• Task requirements: Once you find the line containing "#7278 = VECTOR ( 'NONE', #3730, 39.37008 ) ;" in the data below, copy it and each following line exactly, up to and including the line containing "#12241 = EDGE_CURVE", and nothing else.

Stored dataset items
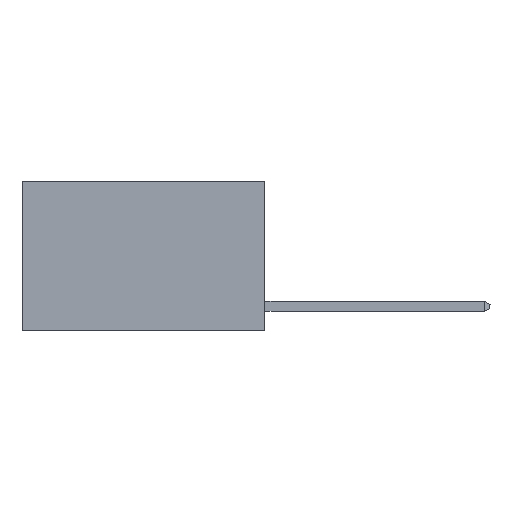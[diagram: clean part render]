
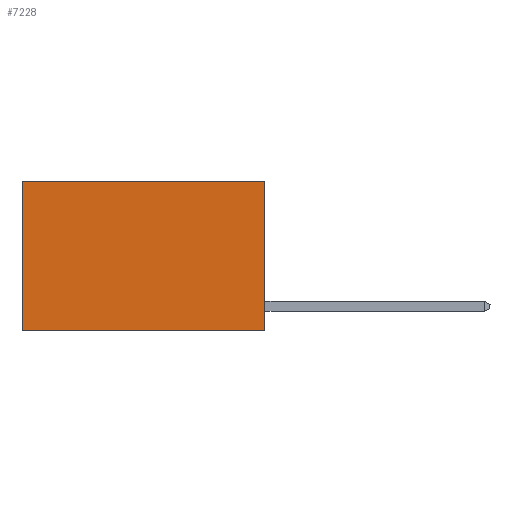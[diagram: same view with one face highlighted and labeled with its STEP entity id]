
A CAD part, left-side view. The second image highlights one B-rep face of the part: STEP entity #7228.
In plain terms, the highlighted planar face has unit normal (-1, 0, 0).
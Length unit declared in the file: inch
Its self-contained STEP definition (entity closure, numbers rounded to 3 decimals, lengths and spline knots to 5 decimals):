
#240 = CARTESIAN_POINT ( 'NONE',  ( 0.2625, 0., 0. ) ) ;
#412 = CARTESIAN_POINT ( 'NONE',  ( 0.2625, 0.6, 0. ) ) ;
#604 = DIRECTION ( 'NONE',  ( 1., 0., 0. ) ) ;
#1686 = VERTEX_POINT ( 'NONE', #412 ) ;
#2673 = LINE ( 'NONE', #240, #12648 ) ;
#3730 = DIRECTION ( 'NONE',  ( 0., 0., -1. ) ) ;
#4030 = LINE ( 'NONE', #12493, #10470 ) ;
#4438 = VERTEX_POINT ( 'NONE', #11120 ) ;
#5595 = ORIENTED_EDGE ( 'NONE', *, *, #12241, .T. ) ;
#6474 = ORIENTED_EDGE ( 'NONE', *, *, #7907, .F. ) ;
#7228 = ADVANCED_FACE ( 'NONE', ( #7451 ), #13257, .F. ) ;
#7278 = VECTOR ( 'NONE', #3730, 39.37008 ) ;
#7451 = FACE_OUTER_BOUND ( 'NONE', #13804, .T. ) ;
#7907 = EDGE_CURVE ( 'NONE', #11983, #17935, #18270, .T. ) ;
#7958 = AXIS2_PLACEMENT_3D ( 'NONE', #10359, #604, #16077 ) ;
#8545 = CARTESIAN_POINT ( 'NONE',  ( 0.2625, 0., -0.37 ) ) ;
#9753 = DIRECTION ( 'NONE',  ( 0., 0., -1. ) ) ;
#9820 = DIRECTION ( 'NONE',  ( 0., 1., 0. ) ) ;
#10317 = ORIENTED_EDGE ( 'NONE', *, *, #11662, .T. ) ;
#10359 = CARTESIAN_POINT ( 'NONE',  ( 0.2625, 0., 0. ) ) ;
#10470 = VECTOR ( 'NONE', #9753, 39.37008 ) ;
#10793 = LINE ( 'NONE', #13590, #7278 ) ;
#11120 = CARTESIAN_POINT ( 'NONE',  ( 0.2625, 0., 0. ) ) ;
#11598 = DIRECTION ( 'NONE',  ( 0., 1., 0. ) ) ;
#11662 = EDGE_CURVE ( 'NONE', #4438, #1686, #2673, .T. ) ;
#11983 = VERTEX_POINT ( 'NONE', #8545 ) ;
#12241 = EDGE_CURVE ( 'NONE', #1686, #17935, #10793, .T. ) ;
#12493 = CARTESIAN_POINT ( 'NONE',  ( 0.2625, 0., 0. ) ) ;
#12559 = CARTESIAN_POINT ( 'NONE',  ( 0.2625, 0., -0.37 ) ) ;
#12648 = VECTOR ( 'NONE', #11598, 39.37008 ) ;
#13257 = PLANE ( 'NONE',  #7958 ) ;
#13590 = CARTESIAN_POINT ( 'NONE',  ( 0.2625, 0.6, 0. ) ) ;
#13715 = EDGE_CURVE ( 'NONE', #4438, #11983, #4030, .T. ) ;
#13804 = EDGE_LOOP ( 'NONE', ( #5595, #6474, #16924, #10317 ) ) ;
#14996 = CARTESIAN_POINT ( 'NONE',  ( 0.2625, 0.6, -0.37 ) ) ;
#16077 = DIRECTION ( 'NONE',  ( 0., 0., -1. ) ) ;
#16389 = VECTOR ( 'NONE', #9820, 39.37008 ) ;
#16924 = ORIENTED_EDGE ( 'NONE', *, *, #13715, .F. ) ;
#17935 = VERTEX_POINT ( 'NONE', #14996 ) ;
#18270 = LINE ( 'NONE', #12559, #16389 ) ;

• Written solution:
#7278 = VECTOR ( 'NONE', #3730, 39.37008 ) ;
#7451 = FACE_OUTER_BOUND ( 'NONE', #13804, .T. ) ;
#7907 = EDGE_CURVE ( 'NONE', #11983, #17935, #18270, .T. ) ;
#7958 = AXIS2_PLACEMENT_3D ( 'NONE', #10359, #604, #16077 ) ;
#8545 = CARTESIAN_POINT ( 'NONE',  ( 0.2625, 0., -0.37 ) ) ;
#9753 = DIRECTION ( 'NONE',  ( 0., 0., -1. ) ) ;
#9820 = DIRECTION ( 'NONE',  ( 0., 1., 0. ) ) ;
#10317 = ORIENTED_EDGE ( 'NONE', *, *, #11662, .T. ) ;
#10359 = CARTESIAN_POINT ( 'NONE',  ( 0.2625, 0., 0. ) ) ;
#10470 = VECTOR ( 'NONE', #9753, 39.37008 ) ;
#10793 = LINE ( 'NONE', #13590, #7278 ) ;
#11120 = CARTESIAN_POINT ( 'NONE',  ( 0.2625, 0., 0. ) ) ;
#11598 = DIRECTION ( 'NONE',  ( 0., 1., 0. ) ) ;
#11662 = EDGE_CURVE ( 'NONE', #4438, #1686, #2673, .T. ) ;
#11983 = VERTEX_POINT ( 'NONE', #8545 ) ;
#12241 = EDGE_CURVE ( 'NONE', #1686, #17935, #10793, .T. ) ;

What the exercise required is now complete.